I have a couple of sets of pre-formed mesh that our good friend Gordon Watson [Argyle Locomotive works, OZ] sent me for my Garratt - the burners are the same as the K-27. They too are for free to anybody who cares to ax me for one or two.

But although you seem to imply that the mesh goes outside the burners, on MY AccuCraft NG/G16 loco the mesh goes* i**nside*. The mesh is rolled up around a pencil, tied with light sewing thread, and pushed inside the burners. The thread disappears on the first light-up.

tac
www.ovgrs.org


----------



## mack505 (Jan 2, 2008)

Posted By tacfoley on 23 Nov 2009 03:49 AM 
But although you seem to imply that the mesh goes outside the burners, on MY AccuCraft NG/G16 loco the mesh goes* i**nside*. The mesh is rolled up around a pencil, tied with light sewing thread, and pushed inside the burners. The thread disappears on the first light-up.

tac
www.ovgrs.org 







Inside? I like that idea. I assume it works well or you wouldn't mention it.


----------



## jlinde (Jan 2, 2008)

Great videos, Richard. You've inspired to leave work early and run my F5 in the mist . . .


----------



## Chris Scott (Jan 2, 2008)

Posted By tacfoley on 23 Nov 2009 03:49 AM 

I have a couple of sets of pre-formed mesh that our good friend Gordon Watson [Argyle Locomotive works, OZ] sent me for my Garratt - the burners are the same as the K-27. They too are for free to anybody who cares to ax me for one or two.
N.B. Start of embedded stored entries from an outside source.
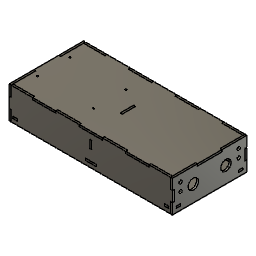
cessna-knobox-enclosure-v77 (Autodesk Fusion 360 design; units mm, degrees)
Autodesk Fusion 360 part; units mm, degrees
sketch "Sketch1" plane through (0, 0, 0) normal (0, 1, 0) x (1, 0, 0)
  line L0 (-146.75, 65) -> (146.75, 65)
  line L1 (146.75, 65) -> (146.75, -65)
  line L2 (146.75, -65) -> (-146.75, -65)
  line L3 (-146.75, -65) -> (-146.75, 65)
  line L4 (-136.75, -30) -> (-33.75, -30) construction
  circle A0 centre (-136.75, -30) radius 1.5
  circle A1 centre (-33.75, -30) radius 1.5
  line L5 (0, 0) -> (0, 38.2702) construction
  line L6 (-150.25, 68.5) -> (150.25, 68.5)
  line L7 (150.25, 68.5) -> (150.25, -68.5)
  line L8 (150.25, -68.5) -> (-150.25, -68.5)
  line L9 (-150.25, -68.5) -> (-150.25, 68.5)
  line L10 (-26.25, -24.7344) -> (-26.25, -4.7344) construction
  line L11 (-136.75, 30) -> (-33.75, 30) construction
  circle A2 centre (-136.75, 30) radius 1.5
  circle A3 centre (-33.75, 30) radius 1.5
  line L12 (-136.75, -30) -> (-136.75, -65) construction
  line L13 (-136.75, 30) -> (-136.75, -30) construction
  line L14 (-136.75, 30) -> (-136.75, 65) construction
  line L15 (0, 0) -> (35, 0) construction
  dimension "d1" = 103
  dimension "d2" = 3
  dimension "d3" = 3
  dimension "d4" = 130
  dimension "d5" = 10
  dimension "d7" = 3.5
  dimension "d9" = 3.5
  dimension "d10" = 3.5
  dimension "d11" = 3.5
  dimension "d20" = 7.5
  dimension "d21" = 173
  dimension "d36" = 103
  dimension "d37" = 3
  dimension "d38" = 3
  dimension "d39" = 60
  constraint horizontal L0
  constraint vertical L1
  constraint horizontal L2
  constraint vertical L3
  constraint horizontal L4
  constraint coincident L4.start A0.centre
  constraint coincident L4.end A1.centre
  constraint coincident L5.start L15.start
  constraint symmetric L0.start L0.end L5
  constraint horizontal L6
  constraint vertical L7
  constraint horizontal L8
  constraint vertical L9
  constraint horizontal L11
  constraint coincident L11.start A2.centre
  constraint coincident L11.end A3.centre
  constraint coincident L2 L12.end
  constraint perpendicular L2 L12
  constraint parallel L12 L13
  constraint coincident L0 L14.end
  constraint perpendicular L0 L14
  constraint equal L12 L14
  constraint perpendicular L5 L15
  constraint symmetric L0.start L2.end L15
  measures "d1" distance of L4.start L4.end
  measures "d2" diameter of A0
  measures "d3" diameter of A1
  measures "d4" distance of L0.start L2.end
  measures "d5" distance of L3 L4.start
  measures "d7" distance of L3 L9
  measures "d9" distance of L0 L6
  measures "d10" distance of L1 L7
  measures "d11" distance of L2 L8
  measures "d20" distance of L4.end L10
  measures "d21" distance of L1 L10
  measures "d36" distance of L11.end L11.start
  measures "d37" diameter of A2
  measures "d38" diameter of A3
  measures "d39" distance of L4 L11
extrude "Extrude1" add sketch "Sketch1" along normal blind 3.5 contours L0 L1 L2 L3 | L6 L7 L8 L9 makes body 1
extrude "Extrude2" add sketch "Sketch1" against normal blind 55 contours L6 L7 L8 L9 bodies 1
sketch "Sketch2" plane through (150.25, 0, 0) normal (1, 0, 0) x (0, 0, -1)
  line L0 (68.5, -55) -> (68.5, 3.5)
  line L1 (68.5, 3.5) -> (-68.5, 3.5)
  line L2 (-68.5, 3.5) -> (-68.5, -55)
  line L3 (-68.5, -55) -> (68.5, -55)
  line L4 (0, 3.5) -> (0, -55) construction
  circle A0 centre (30, -25.025) radius 9.5
  line L5 (68.5, 0) -> (-68.5, 0) construction
  line L6 (30, 0) -> (30, -55) construction
  line L7 (-30, 0) -> (-30, -55) construction
  circle A1 centre (-30, -25.025) radius 9.5
  line L8 (-30, -25.025) -> (30, -25.025) construction
  circle A2 centre (-53.5, -10.025) radius 3
  line L9 (-53.5, 3.5) -> (-53.5, -55) construction
  circle A3 centre (-53.5, -25.025) radius 3
  circle A4 centre (53.5, -10.025) radius 3
  circle A5 centre (53.5, -25.025) radius 3
  line L10 (53.5, 3.5) -> (53.5, -55) construction
  line L11 (-53.5, -10.025) -> (53.5, -10.025) construction
  line L12 (-53.5, -25.025) -> (53.5, -25.025) construction
  point P0 (-30, 0)
  point P1 (30, 0)
  dimension "d16" = 19
  dimension "d17" = 25.025
  dimension "d40" = 19
  dimension "d41" = 6
  dimension "d42" = 15
  dimension "d43" = 6
  dimension "d45" = 6
  dimension "d46" = 6
  dimension "d77" = 15
  constraint midpoint L1 L4.start
  constraint midpoint L3 L4.end
  constraint coincident P1 L6.start
  constraint coincident L3 L6.end
  constraint perpendicular L3 L6
  constraint coincident P0 L7.start
  constraint coincident L3 L7.end
  constraint perpendicular L3 L7
  constraint coincident A0.centre L6
  constraint coincident L7 A1.centre
  constraint coincident A1.centre L8.start
  constraint coincident A0.centre L8.end
  constraint parallel L3 L8
  constraint coincident L1 L9.start
  constraint coincident L3 L9.end
  constraint perpendicular L3 L9
  constraint coincident A2.centre L9
  constraint coincident L9 A3.centre
  constraint coincident L1 L10.start
  constraint coincident L3 L10.end
  constraint perpendicular L3 L10
  constraint symmetric L4 L9.start L10.start
  constraint coincident A4.centre L10
  constraint coincident A5.centre L10
  constraint coincident A2.centre L11.start
  constraint coincident A4.centre L11.end
  constraint coincident A3.centre L12.start
  constraint coincident A5.centre L12.end
  constraint parallel L8 L12
  constraint parallel L8 L11
  constraint coincident A1.centre L12
  measures "d16" diameter of A0
  measures "d17" distance of A0.centre L5
  measures "d40" diameter of A1
  measures "d41" diameter of A2
  measures "d42" distance of L2 L9
  measures "d43" diameter of A3
  measures "d45" diameter of A4
  measures "d46" diameter of A5
  measures "d77" distance of L11 L12
extrude "Extrude3" cut sketch "Sketch2" against normal blind 3.5 contours A0 | A1 | A2 | A3 | A4 | A5 bodies 1
sketch "Sketch3" plane through (0, 0, 68.5) normal (0, 0, 1) x (1, 0, 0)
  line L0 (150.25, -55) -> (150.25, 3.5)
  line L1 (150.25, 3.5) -> (-150.25, 3.5)
  line L2 (-150.25, 3.5) -> (-150.25, -55)
  line L3 (-150.25, -55) -> (150.25, -55)
  line L4 (150.25, 0) -> (-150.25, 0) construction
  line L5 (-150.25, -51.5) -> (150.25, -51.5) construction
  line L6 (-146.75, 3.5) -> (-146.75, -55) construction
  line L7 (146.75, 3.5) -> (146.75, -55) construction
  line L8 (0, 3.5) -> (0, -55) construction
  line L9 (-107.3214, 3.5) -> (-107.3214, -55) construction
  line L10 (-64.3929, 3.5) -> (-64.3929, -55) construction
  line L11 (-21.4643, 3.5) -> (-21.4643, -55) construction
  line L12 (21.4643, 3.5) -> (21.4643, -55) construction
  line L13 (64.3929, 3.5) -> (64.3929, -55) construction
  line L14 (107.3214, 3.5) -> (107.3214, -55) construction
  line L15 (-150.25, -25.75) -> (-107.3214, -25.75) construction
  line L16 (-107.3214, -25.75) -> (-64.3929, -25.75) construction
  line L17 (-64.3929, -25.75) -> (-21.4643, -25.75) construction
  line L18 (-21.4643, -25.75) -> (21.4643, -25.75) construction
  line L19 (21.4643, -25.75) -> (64.3929, -25.75) construction
  line L20 (64.3929, -25.75) -> (107.3214, -25.75) construction
  line L21 (107.3214, -25.75) -> (150.25, -25.75) construction
  line L22 (-150.25, -16) -> (150.25, -16) construction
  line L23 (-150.25, -35.5) -> (150.25, -35.5) construction
  line L24 (-127.3214, 3.5) -> (-127.3214, -16) construction
  line L25 (-127.3214, -16) -> (-127.3214, -35.5) construction
  line L26 (-127.3214, -35.5) -> (-127.3214, -55) construction
  line L27 (-150.25, -16) -> (-146.75, -16)
  line L28 (-146.75, -16) -> (-146.75, 3.5)
  line L29 (-107.3214, 3.5) -> (-107.3214, 0)
  line L30 (-107.3214, 0) -> (-64.3929, 0)
  line L31 (-64.3929, 0) -> (-64.3929, 3.5)
  line L32 (-21.4643, 3.5) -> (-21.4643, 0)
  line L33 (-21.4643, 0) -> (21.4643, 0)
  line L34 (21.4643, 0) -> (21.4643, 3.5)
  line L35 (64.3929, 3.5) -> (64.3929, 0)
  line L36 (64.3929, 0) -> (107.3214, 0)
  line L37 (107.3214, 0) -> (107.3214, 3.5)
  line L38 (146.75, 3.5) -> (146.75, -16)
  line L39 (146.75, -16) -> (150.25, -16)
  line L40 (-150.25, -35.5) -> (-146.75, -35.5)
  line L41 (-146.75, -35.5) -> (-146.75, -55)
  line L42 (150.25, -35.5) -> (146.75, -35.5)
  line L43 (146.75, -35.5) -> (146.75, -55)
  dimension "d22" = 3.5
  dimension "d23" = 3.5
  dimension "d24" = 3.5
  dimension "d25" = 20
  constraint coincident L2 L5.start
  constraint coincident L0 L5.end
  constraint perpendicular L0 L5
  constraint coincident L1 L6.start
  constraint coincident L3 L6.end
  constraint perpendicular L3 L6
  constraint coincident L1 L7.start
  constraint coincident L3 L7.end
  constraint perpendicular L3 L7
  constraint midpoint L1 L8.start
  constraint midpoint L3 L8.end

But although you seem to imply that the mesh goes outside the burners, on MY AccuCraft NG/G16 loco the mesh goes_ i__nside_. The mesh is rolled up around a pencil, tied with light sewing thread, and pushed inside the burners. The thread disappears on the first light-up.

tac
www.ovgrs.org 




Gordon's theory is put it inside, other great minds say outside. Like a lot of other things in life... Put it where where it feels good and makes you happy.


----------



## D&RGW 461 (Jun 4, 2009)

Richard, glad to hear you worked out your burner and slipping problems, It sounds like the same problems I had with my K-27 when it was new. Once I corrected those problems she pulled like a champ. My green D&RGW #461 Was an early production model, According to the tag under the hatch it was #6 of 100. But I heard they made more than that ??? By the way, I am glad to hear that you like your BARK BOX. I have the prototype in my K-27 and I absoulutely LOVE IT !!! Thanks for the good word. Chris Sortina


----------



## rwjenkins (Jan 2, 2008)

Mine was #148 out of 150 (that's how I picked my "Steamaholics Anonymous" number!)


----------



## tacfoley (Jan 3, 2008)

Posted By Chris Scott on 25 Nov 2009 11:04 AM 
Posted By tacfoley on 23 Nov 2009 03:49 AM 

I have a couple of sets of pre-formed mesh that our good friend Gordon Watson [Argyle Locomotive works, OZ] sent me for my Garratt - the burners are the same as the K-27. They too are for free to anybody who cares to ax me for one or two.

But although you seem to imply that the mesh goes outside the burners, on MY AccuCraft NG/G16 loco the mesh goes_ i__nside_. The mesh is rolled up around a pencil, tied with light sewing thread, and pushed inside the burners. The thread disappears on the first light-up.

tac
www.ovgrs.org 




Gordon's theory is put it inside, other great minds say outside. Like a lot of other things in life... Put it where where it feels good and makes you happy.










Putting the mesh inside means that you don't have to devise a way of holding it around the burner and accidentally removing it whenever you take the burners out. Seems to work for me and all the other similarly-converted AccuCraft burners I know.

Tell us what you did with yours?

tac
www.ovgrs.org


----------



## rwjenkins (Jan 2, 2008)

On mine the mesh is outside the burner, spaced slightly off the burner body over the slots at the bottom. It's tied on with strands of nichrome wire pulled from the mesh, which are passed through the mesh at the sides so that they're inside the mesh at the bottom, outside at the top, and are wrapped tightly around the burner body. This helps to maintain the spacing of the mesh over the burner slots. It also helps to bend the mesh to shape before putting it on the burner, rather than simply wrapping a flat piece around the burner and trying to tie it down.


----------



## Treeman (Jan 6, 2008)

Your layout looks very realistic, good job.


----------



## D&RGW 461 (Jun 4, 2009)

Richard, Will you be going to DIAMONDHEAD ??? Maybe we can arrange a K-27 lash-up and pull the snack bar wall down to make room for another steam track !!!


----------



## rwjenkins (Jan 2, 2008)

Posted By Treeman on 26 Nov 2009 08:39 AM 
Your layout looks very realistic, good job. 
I can't claim credit for any of the layouts shown in the video clip, those scenes were shot at three different steamups around New England this year. Actually, I haven't even built a layout of my own yet! Posted By D&RGW 461 on 26 Nov 2009 05:21 PM 
Richard, Will you be going to DIAMONDHEAD ??? Maybe we can arrange a K-27 lash-up and pull the snack bar wall down to make room for another steam track !!!









Not sure yet, I keep telling myself I'm going to get down there one of these years, guess I should start looking into flights and figure out if 2010 is going to be the year!


----------



## dwhbrewster (Mar 30, 2009)

I enjoyed your article and I really enjoyed watching your K-27. I Hope you can make it to the Cape Cod April 24th for my Steam-Up. I should have my green K-36 by then. 

Doug


----------



## trainmax (Feb 16, 2008)

Now there you go I would love to hear two K27 with Bark Boxs in them.

You may not want to run at night mite wake up some folks.


----------



## D&RGW 461 (Jun 4, 2009)

Richard, Anything less would be uncivilized. Just ask Welytek about it !!!







Besides, sleep and DIAMONDHEAD does not mix. Hail to the night shift. Chris Sortina


----------